For easier access to the result tables, we are going to transform them into a list of tibble objects and show their names and number of instances.

db_tl <- db_finest |>
  rolap::as_tibble_list()

names <- names(db_tl)
for (i in seq_along(db_tl)){
  cat(sprintf("name: %s, %d rows\n", names[i], nrow(db_tl[[i]])))
}
#> name: transaction, 921 rows
#> name: who, 902 rows
#> name: where, 437 rows
#> name: when, 748 rows
#> name: when_moment, 599 rows
#> name: when_processed, 748 rows
#> name: what, 27 rows
#> name: transaction_line, 1000 rows

To represent the result graphically, we export the star database in the form of a dm object. In addition, we select the tables of the model: All except the table of the degenerate dimension.

db_dm <- db_finest |>
  rolap::as_dm_class(pk_facts = FALSE)

tables <- db_finest |>
  rolap::get_table_names()

# Degenerate dimension
tables <- base::setdiff(tables, 'transaction')

db_finest_dm <- db_dm[tables]

Below is the database schema.

db_finest_dm |> 
  dm::dm_draw(view_type = "all")

It can be seen that a new measure has been added to the fact table (nrow_agg), this measure indicates for each row the number of rows in the original table from which it was obtained. In the definition of the facts you can indicate a specific name for it. In this case, each row corresponds to a row in the original table, therefore, all the values must be 1, as can be verified below.

max(db_tl[['transaction_line']]$nrow_agg)
#> [1] 1
sum(db_tl[['transaction_line']]$nrow_agg)
#> [1] 1000

Definition of role-playing and role dimensions

In the star database, we can define that any one of the dimensions is the role-playing dimension and the other dimensions are various roles of that dimension, the only requirement is that all dimensions must have the same number of attributes. More details can be found in the vignette titled Definition of Role-Playing and Role Dimensions, vignette("v10-rpd").

For the case we are solving, the definition is shown below.

db_finest <- db_finest |>
  rolap::role_playing_dimension(
    rpd = "when",
    roles = c("when_processed")
  )

The result can be seen in the instances of the star database tables, below.

db_tl <- db_finest |>
  rolap::as_tibble_list()

names <- names(db_tl)
for (i in seq_along(db_tl)){
  cat(sprintf("name: %s, %d rows\n", names[i], nrow(db_tl[[i]])))
}
#> name: transaction, 921 rows
#> name: who, 902 rows
#> name: where, 437 rows
#> name: when, 1466 rows
#> name: when_moment, 599 rows
#> name: when_processed, 1466 rows
#> name: what, 27 rows
#> name: transaction_line, 1000 rows

We can see that the tables associated with the when dimension (with date and hour) contain the same number of instances, but a larger number than before since they include all the different instances of the two tables.

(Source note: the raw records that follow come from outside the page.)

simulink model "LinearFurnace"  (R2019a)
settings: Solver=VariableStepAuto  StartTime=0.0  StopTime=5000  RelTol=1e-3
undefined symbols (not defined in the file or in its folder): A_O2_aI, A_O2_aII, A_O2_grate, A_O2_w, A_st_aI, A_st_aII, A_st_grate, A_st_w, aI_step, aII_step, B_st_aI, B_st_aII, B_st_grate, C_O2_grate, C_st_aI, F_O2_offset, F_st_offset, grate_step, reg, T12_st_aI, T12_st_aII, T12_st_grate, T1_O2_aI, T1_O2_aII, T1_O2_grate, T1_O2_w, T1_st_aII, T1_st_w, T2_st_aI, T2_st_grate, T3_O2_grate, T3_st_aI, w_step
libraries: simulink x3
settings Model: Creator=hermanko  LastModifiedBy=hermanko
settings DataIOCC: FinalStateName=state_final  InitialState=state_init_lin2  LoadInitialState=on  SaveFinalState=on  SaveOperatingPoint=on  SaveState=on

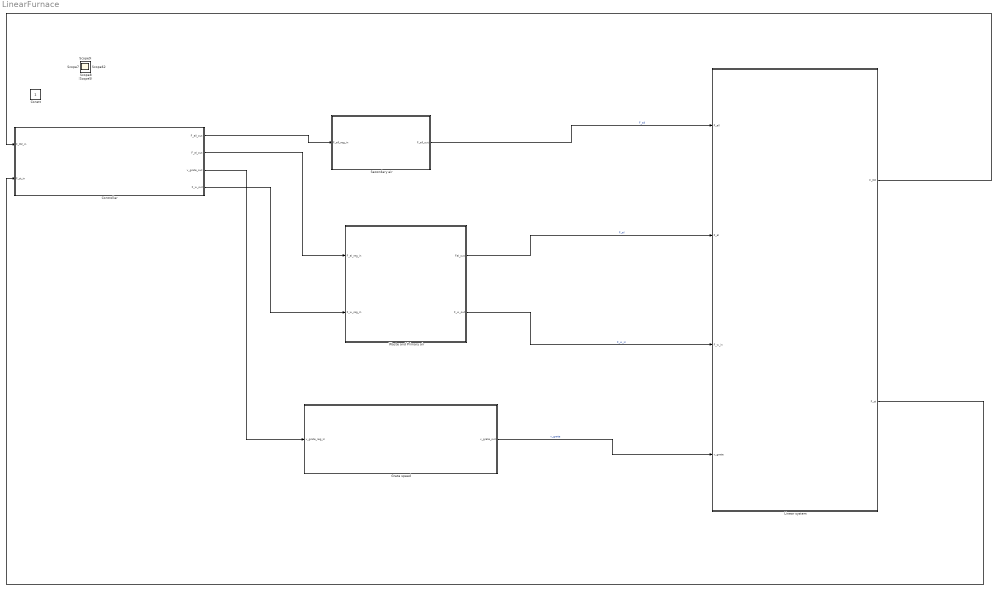
== system LinearFurnace ==
  Controller : Subsystem
  Grate speed : Subsystem
  Linear system : Subsystem
  Secondary air : Subsystem
      mask Display: image('airflow.jpeg');
  Waste and Primary air : Subsystem
      mask Display: image('waste_in.jpg');
  Constt : Constant  IOType=siggen
  Scope{,1..10,12} (12 alike) : Scope
  wires:
  Controller/1(F_aII_out) -> Secondary air/1(F_aII_reg_in)
  Controller/2(F_aI_out) -> Waste and Primary air/1("F_aI_reg_in ")
  Controller/4(F_w_out) -> Waste and Primary air/2(F_w_reg_in)
  Controller/3(v_grate_out) -> Grate speed/1(v_grate_reg_in)
  Linear system/1(F_O2) -> Controller/1(F_O2_in)
  Linear system/2(F_st) -> Controller/2(F_st_in)
  Secondary air/1(F_aII_out) -> Linear system/1(F_aII)  "F_aII"
  Waste and Primary air/1(FaI_out) -> Linear system/2(F_aI)  "F_aI"
  Waste and Primary air/2(F_w_out) -> Linear system/3(F_w_in)  "F_w_in"
  Grate speed/1(v_grate_out) -> Linear system/4(v_grate)  "v_grate"

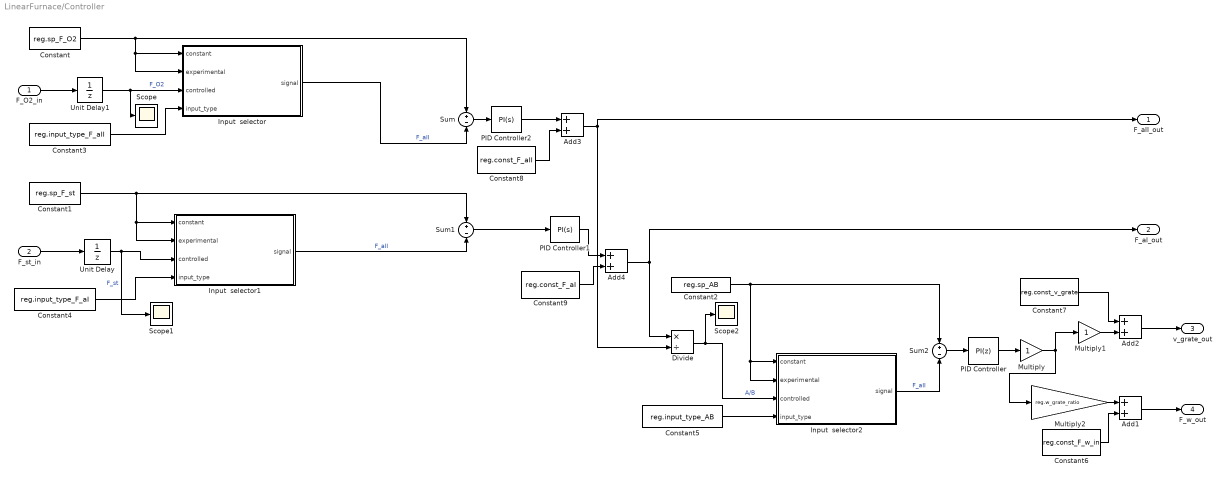
== system LinearFurnace/Controller ==
  F_O2_in : Inport
  F_st_in : Inport  Port=2
  Add{1..4} (4 alike) : Sum
  Constant : Constant  Value=reg.sp_F_O2
  Constant1 : Constant  Value=reg.sp_F_st
  Constant2 : Constant  Value=reg.sp_AB
  Constant3 : Constant  Value=reg.input_type_F_aII
  Constant4 : Constant  Value=reg.input_type_F_aI
  Constant5 : Constant  Value=reg.input_type_AB
  Constant6 : Constant  Value=reg.const_F_w_in
  Constant7 : Constant  Value=reg.const_v_grate
  Constant8 : Constant  Value=reg.const_F_aII
  Constant9 : Constant  Value=reg.const_F_aI
  Divide : Product  Inputs=*/  OutMin=[-100]  OutMax=[100]
  Input  selector : MATLAB Function  TreatAsAtomicUnit=on
  Input  selector1 : MATLAB Function  TreatAsAtomicUnit=on
  Input  selector2 : MATLAB Function  TreatAsAtomicUnit=on
  Multiply : Gain
  Multiply1 : Gain
  Multiply2 : Gain  Gain=reg.w_grate_ratio
  PID Controller : simulink/Continuous/PID Controller  Controller=PI  Form=Parallel  TimeDomain=Discrete-time  SampleTime=-1  IntegratorMethod=Forward Euler  FilterMethod=Forward Euler  ControllerParametersSource=internal  P=reg.Kp_AB  I=reg.Ki_AB  D=0  UseFilter=on  N=100  TunerSelectOption=Transfer Function Based (PID Tuner App)  InitialConditionSource=internal  InitialConditionForIntegrator=0  InitialConditionForFilter=0  DifferentiatorICPrevScaledInput=0  ExternalReset=none  TrackingMode=off  Kt=1  LimitOutput=off  UpperSaturationLimit=inf  LowerSaturationLimit=-inf  LinearizeAsGain=on  AntiWindupMode=none  Kb=1  POutMin=[]  POutMax=[]  IOutMin=[]  IOutMax=[]  DOutMin=[]  DOutMax=[]  NOutMin=[]  NOutMax=[]  SumOutMin=[]  SumOutMax=[]  SaturationOutMin=[]  SaturationOutMax=[]  PParamMin=[]  PParamMax=[]  IParamMin=[]  IParamMax=[]  DParamMin=[]  DParamMax=[]  NParamMin=[]  NParamMax=[]  KbParamMin=[]  KbParamMax=[]  KtParamMin=[]  KtParamMax=[]  KbOutMin=[]  KbOutMax=[]  KtOutMin=[]  KtOutMax=[]  IntegratorOutMin=[]  IntegratorOutMax=[]  FilterOutMin=[]  FilterOutMax=[]  SumI1OutMin=[]  SumI1OutMax=[]  SumI2OutMin=[]  SumI2OutMax=[]  SumI3OutMin=[]  SumI3OutMax=[]  SumI4OutMin=[]  SumI4OutMax=[]  SumDOutMin=[]  SumDOutMax=[]  DifferentiatorOutMin=[]  DifferentiatorOutMax=[]  FilterDiffOutCoefMin=[]  FilterDiffOutCoefMax=[]  ReciprocalOutMin=[]  ReciprocalOutMax=[]  SumDenOutMin=[]  SumDenOutMax=[]  SumNumOutMin=[]  SumNumOutMax=[]  DivideOutMin=[]  DivideOutMax=[]  IntegratorContinuousStateAttributes=''  IntegratorStateMustResolveToSignalObject=off  IntegratorRTWStateStorageClass=Auto  FilterContinuousStateAttributes=''  FilterStateMustResolveToSignalObject=off  FilterRTWStateStorageClass=Auto  ParallelPVariant=InternalParameters  IdealPVariant=Disabled  IVariant=InternalParameters  DVariant=Disabled  IntegratorVariant=Discrete  SatVariant=Disabled  AWVariant=Passthrough  PCopyVariant=Disabled  TRVariant=Disabled  FdbkBlocksVariant=Forward  IdealPFdbkVariant=Disabled  SatFdbkVariant=Disabled  DerivativeFilterVariant=Disabled  NVariant=Disabled  NCopyVariant=Disabled_SignalSpec  FilterICVariant=Disabled  IntegratorICVariant=InternalICs  ExternalResetVariant=Disabled  TRSumVariant=Passthrough  SumFdbkVariant=Disabled  SumVariant=Sum_PI
  PID Controller1 : simulink/Continuous/PID Controller  Controller=PI  Form=Parallel  TimeDomain=Continuous-time  SampleTime=-1  IntegratorMethod=Forward Euler  FilterMethod=Forward Euler  ControllerParametersSource=internal  P=reg.Kp_st  I=reg.Ki_st  D=0  UseFilter=on  N=100  TunerSelectOption=Transfer Function Based (PID Tuner App)  InitialConditionSource=internal  InitialConditionForIntegrator=0  InitialConditionForFilter=0  DifferentiatorICPrevScaledInput=0  ExternalReset=none  TrackingMode=off  Kt=1  LimitOutput=off  UpperSaturationLimit=inf  LowerSaturationLimit=1  LinearizeAsGain=on  AntiWindupMode=none  Kb=1  POutMin=[]  POutMax=[]  IOutMin=[]  IOutMax=[]  DOutMin=[]  DOutMax=[]  NOutMin=[]  NOutMax=[]  SumOutMin=[]  SumOutMax=[]  SaturationOutMin=[]  SaturationOutMax=[]  PParamMin=[]  PParamMax=[]  IParamMin=[]  IParamMax=[]  DParamMin=[]  DParamMax=[]  NParamMin=[]  NParamMax=[]  KbParamMin=[]  KbParamMax=[]  KtParamMin=[]  KtParamMax=[]  KbOutMin=[]  KbOutMax=[]  KtOutMin=[]  KtOutMax=[]  IntegratorOutMin=[]  IntegratorOutMax=[]  FilterOutMin=[]  FilterOutMax=[]  SumI1OutMin=[]  SumI1OutMax=[]  SumI2OutMin=[]  SumI2OutMax=[]  SumI3OutMin=[]  SumI3OutMax=[]  SumI4OutMin=[]  SumI4OutMax=[]  SumDOutMin=[]  SumDOutMax=[]  DifferentiatorOutMin=[]  DifferentiatorOutMax=[]  FilterDiffOutCoefMin=[]  FilterDiffOutCoefMax=[]  ReciprocalOutMin=[]  ReciprocalOutMax=[]  SumDenOutMin=[]  SumDenOutMax=[]  SumNumOutMin=[]  SumNumOutMax=[]  DivideOutMin=[]  DivideOutMax=[]  IntegratorContinuousStateAttributes='F_st'  IntegratorStateMustResolveToSignalObject=off  IntegratorRTWStateStorageClass=Auto  FilterContinuousStateAttributes=''  FilterStateMustResolveToSignalObject=off  FilterRTWStateStorageClass=Auto  ParallelPVariant=InternalParameters  IdealPVariant=Disabled  IVariant=InternalParameters  DVariant=Disabled  IntegratorVariant=Continuous  SatVariant=Disabled  AWVariant=Passthrough  PCopyVariant=Disabled  TRVariant=Disabled  FdbkBlocksVariant=Forward  IdealPFdbkVariant=Disabled  SatFdbkVariant=Disabled  DerivativeFilterVariant=Disabled  NVariant=Disabled  NCopyVariant=Disabled_SignalSpec  FilterICVariant=Disabled  IntegratorICVariant=InternalICs  ExternalResetVariant=Disabled  TRSumVariant=Passthrough  SumFdbkVariant=Disabled  SumVariant=Sum_PI
  PID Controller2 : simulink/Continuous/PID Controller  Controller=PI  Form=Parallel  TimeDomain=Continuous-time  SampleTime=-1  IntegratorMethod=Forward Euler  FilterMethod=Forward Euler  ControllerParametersSource=internal  P=reg.Kp_O2  I=reg.Ki_O2  D=0  UseFilter=on  N=100  TunerSelectOption=Transfer Function Based (PID Tuner App)  InitialConditionSource=internal  InitialConditionForIntegrator=0.0000001  InitialConditionForFilter=0  DifferentiatorICPrevScaledInput=0  ExternalReset=none  TrackingMode=off  Kt=1  LimitOutput=off  UpperSaturationLimit=inf  LowerSaturationLimit=1  LinearizeAsGain=on  AntiWindupMode=none  Kb=1  POutMin=[]  POutMax=[]  IOutMin=[]  IOutMax=[]  DOutMin=[]  DOutMax=[]  NOutMin=[]  NOutMax=[]  SumOutMin=[]  SumOutMax=[]  SaturationOutMin=[]  SaturationOutMax=[]  PParamMin=[]  PParamMax=[]  IParamMin=[]  IParamMax=[]  DParamMin=[]  DParamMax=[]  NParamMin=[]  NParamMax=[]  KbParamMin=[]  KbParamMax=[]  KtParamMin=[]  KtParamMax=[]  KbOutMin=[]  KbOutMax=[]  KtOutMin=[]  KtOutMax=[]  IntegratorOutMin=[]  IntegratorOutMax=[]  FilterOutMin=[]  FilterOutMax=[]  SumI1OutMin=[]  SumI1OutMax=[]  SumI2OutMin=[]  SumI2OutMax=[]  SumI3OutMin=[]  SumI3OutMax=[]  SumI4OutMin=[]  SumI4OutMax=[]  SumDOutMin=[]  SumDOutMax=[]  DifferentiatorOutMin=[]  DifferentiatorOutMax=[]  FilterDiffOutCoefMin=[]  FilterDiffOutCoefMax=[]  ReciprocalOutMin=[]  ReciprocalOutMax=[]  SumDenOutMin=[]  SumDenOutMax=[]  SumNumOutMin=[]  SumNumOutMax=[]  DivideOutMin=[]  DivideOutMax=[]  IntegratorContinuousStateAttributes='F_st'  IntegratorStateMustResolveToSignalObject=off  IntegratorRTWStateStorageClass=Auto  FilterContinuousStateAttributes=''  FilterStateMustResolveToSignalObject=off  FilterRTWStateStorageClass=Auto  ParallelPVariant=InternalParameters  IdealPVariant=Disabled  IVariant=InternalParameters  DVariant=Disabled  IntegratorVariant=Continuous  SatVariant=Disabled  AWVariant=Passthrough  PCopyVariant=Disabled  TRVariant=Disabled  FdbkBlocksVariant=Forward  IdealPFdbkVariant=Disabled  SatFdbkVariant=Disabled  DerivativeFilterVariant=Disabled  NVariant=Disabled  NCopyVariant=Disabled_SignalSpec  FilterICVariant=Disabled  IntegratorICVariant=InternalICs  ExternalResetVariant=Disabled  TRSumVariant=Passthrough  SumFdbkVariant=Disabled  SumVariant=Sum_PI
  Scope : Scope
  Scope1 : Scope
  Scope2 : Scope
  Sum : Sum  Inputs=+|-
  Sum1 : Sum  Inputs=+|-
  Sum2 : Sum  Inputs=+|-
  Unit Delay : UnitDelay  HasFrameUpgradeWarning=on
  Unit Delay1 : UnitDelay  SampleTime=-1  HasFrameUpgradeWarning=on
  F_aII_out : Outport
  F_aI_out : Outport  Port=2
  v_grate_out : Outport  Port=3
  F_w_out : Outport  Port=4
  wires:
  Constant1/1 -> Input  selector1/2(experimental), Input  selector1/1(constant), Sum1/1
  F_st_in/1 -> Unit Delay/1
  Constant/1 -> Input  selector/1(constant), Input  selector/2(experimental), Sum/1
  Constant2/1 -> Input  selector2/2(experimental), Input  selector2/1(constant), Sum2/1
  F_O2_in/1 -> Unit Delay1/1
  Input  selector1/1(signal) -> Sum1/2  "F_aII"
  Input  selector/1(signal) -> Sum/2  "F_aII"
  Constant3/1 -> Input  selector/4(input_type)
  Constant4/1 -> Input  selector1/4(input_type)
  Constant5/1 -> Input  selector2/4(input_type)
  Divide/1 -> Scope2/1, Input  selector2/3(controlled)  "A/B"
  Input  selector2/1(signal) -> Sum2/2  "F_aII"
  Sum/1 -> PID Controller2/1
  Sum1/1 -> PID Controller1/1
  Sum2/1 -> PID Controller/1
  PID Controller/1 -> Multiply/1
  Unit Delay/1 -> Scope1/1, Input  selector1/3(controlled)  "F_st"
  Unit Delay1/1 -> Scope/1, Input  selector/3(controlled)  "F_O2"
  Multiply/1 -> Multiply2/1, Multiply1/1
  Multiply2/1 -> Add1/1
  Constant6/1 -> Add1/2
  Add1/1 -> F_w_out/1
  Add2/1 -> v_grate_out/1
  Multiply1/1 -> Add2/2
  Constant7/1 -> Add2/1
  Constant8/1 -> Add3/2
  PID Controller1/1 -> Add4/1
  PID Controller2/1 -> Add3/1
  Constant9/1 -> Add4/2
  Add3/1 -> F_aII_out/1, Divide/2
  Add4/1 -> F_aI_out/1, Divide/1

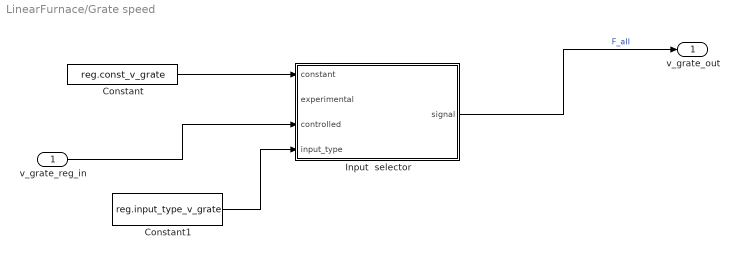
== system LinearFurnace/Grate speed ==
  v_grate_reg_in : Inport
  Constant : Constant  Value=reg.const_v_grate
  Constant1 : Constant  Value=reg.input_type_v_grate
  Input  selector : MATLAB Function  TreatAsAtomicUnit=on
  v_grate_out : Outport
  wires:
  Constant/1 -> Input  selector/1(constant)
  v_grate_reg_in/1 -> Input  selector/3(controlled)
  Constant1/1 -> Input  selector/4(input_type)
  Input  selector/1(signal) -> v_grate_out/1  "F_aII"

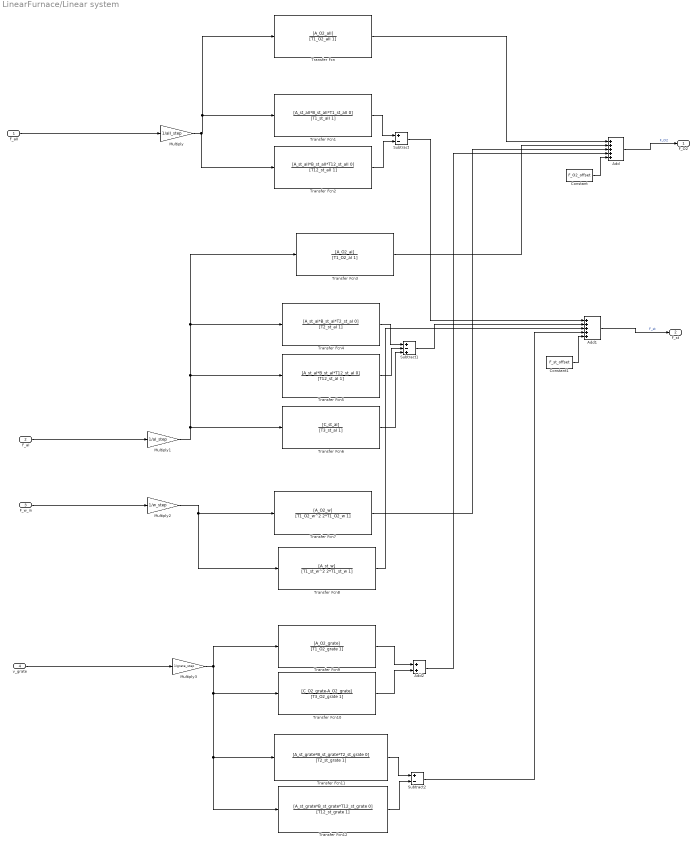
== system LinearFurnace/Linear system ==
  F_aII : Inport
  F_aI : Inport  Port=2
  F_w_in : Inport  Port=3
  v_grate : Inport  Port=4
  Add : Sum  Inputs=+++++
  Add1 : Sum  Inputs=+++++
  Add2 : Sum
  Constant : Constant  Value=F_O2_offset
  Constant1 : Constant  Value=F_st_offset
  Multiply : Gain  Gain=1/aII_step
  Multiply1 : Gain  Gain=1/aI_step
  Multiply2 : Gain  Gain=1/w_step
  Multiply3 : Gain  Gain=1/grate_step
  Subtract : Sum  Inputs=+-
  Subtract1 : Sum  Inputs=+-+
  Subtract2 : Sum  Inputs=+-
  Transfer Fcn : TransferFcn  Numerator=[A_O2_aII]  Denominator=[T1_O2_aII 1]
  Transfer Fcn1 : TransferFcn  Numerator=[A_st_aII*B_st_aII*T1_st_aII 0]  Denominator=[T1_st_aII 1]
  Transfer Fcn10 : TransferFcn  Numerator=[C_O2_grate-A_O2_grate]  Denominator=[T3_O2_grate 1]
  Transfer Fcn11 : TransferFcn  Numerator=[A_st_grate*B_st_grate*T2_st_grate 0]  Denominator=[T2_st_grate 1]
  Transfer Fcn12 : TransferFcn  Numerator=[A_st_grate*B_st_grate*T12_st_grate 0]  Denominator=[T12_st_grate 1]
  Transfer Fcn2 : TransferFcn  Numerator=[A_st_aII*B_st_aII*T12_st_aII 0]  Denominator=[T12_st_aII 1]
  Transfer Fcn3 : TransferFcn  Numerator=[A_O2_aI]  Denominator=[T1_O2_aI 1]
  Transfer Fcn4 : TransferFcn  Numerator=[A_st_aI*B_st_aI*T2_st_aI 0]  Denominator=[T2_st_aI 1]
  Transfer Fcn5 : TransferFcn  Numerator=[A_st_aI*B_st_aI*T12_st_aI 0]  Denominator=[T12_st_aI 1]
  Transfer Fcn6 : TransferFcn  Numerator=[C_st_aI]  Denominator=[T3_st_aI 1]
  Transfer Fcn7 : TransferFcn  Numerator=[A_O2_w]  Denominator=[T1_O2_w^2 2*T1_O2_w 1]
  Transfer Fcn8 : TransferFcn  Numerator=[A_st_w]  Denominator=[T1_st_w^2 2*T1_st_w 1]
  Transfer Fcn9 : TransferFcn  Numerator=[A_O2_grate]  Denominator=[T1_O2_grate 1]
  F_O2 : Outport
  F_st : Outport  Port=2
  wires:
  Transfer Fcn10/1 -> Add2/2
  Transfer Fcn2/1 -> Subtract/2
  Subtract/1 -> Add1/1
  Transfer Fcn6/1 -> Subtract1/3
  Transfer Fcn4/1 -> Subtract1/1
  Multiply2/1 -> Transfer Fcn8/1, Transfer Fcn7/1
  F_aI/1 -> Multiply1/1
  Transfer Fcn3/1 -> Add/2
  Transfer Fcn9/1 -> Add2/1
  Transfer Fcn5/1 -> Subtract1/2
  Multiply1/1 -> Transfer Fcn4/1, Transfer Fcn3/1, Transfer Fcn5/1, Transfer Fcn6/1
  Add1/1 -> F_st/1  "F_st"
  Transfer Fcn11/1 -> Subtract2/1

Store tables in a relational database

Once we have the star database tables in a dm object, exporting them to any RDBMS is immediate. In the example below, a local SQLite database is used. dm works with any RDBMS supported by DBI.

my_db <- DBI::dbConnect(RSQLite::SQLite())
my_db_finest_dm <- dm::copy_dm_to(my_db, db_finest_dm)
my_db_finest_dm
#> ── Table source ────────────────────────────────────────────────────────────────
#> src:  sqlite 3.41.2 []
#> ── Metadata ────────────────────────────────────────────────────────────────────
#> Tables: `transaction_line`, `what`, `when`, `when_moment`, `when_processed`, … (7 total)
#> Columns: 31
#> Primary keys: 6
#> Foreign keys: 6
DBI::dbDisconnect(my_db)

Design with a summary of the data

Next we are going to perform a multidimensional design with a coarser granularity. To have somewhat different dates from the previous example, we are going to define a new date, assuming we know that transactions are paid 24 hours after they occur.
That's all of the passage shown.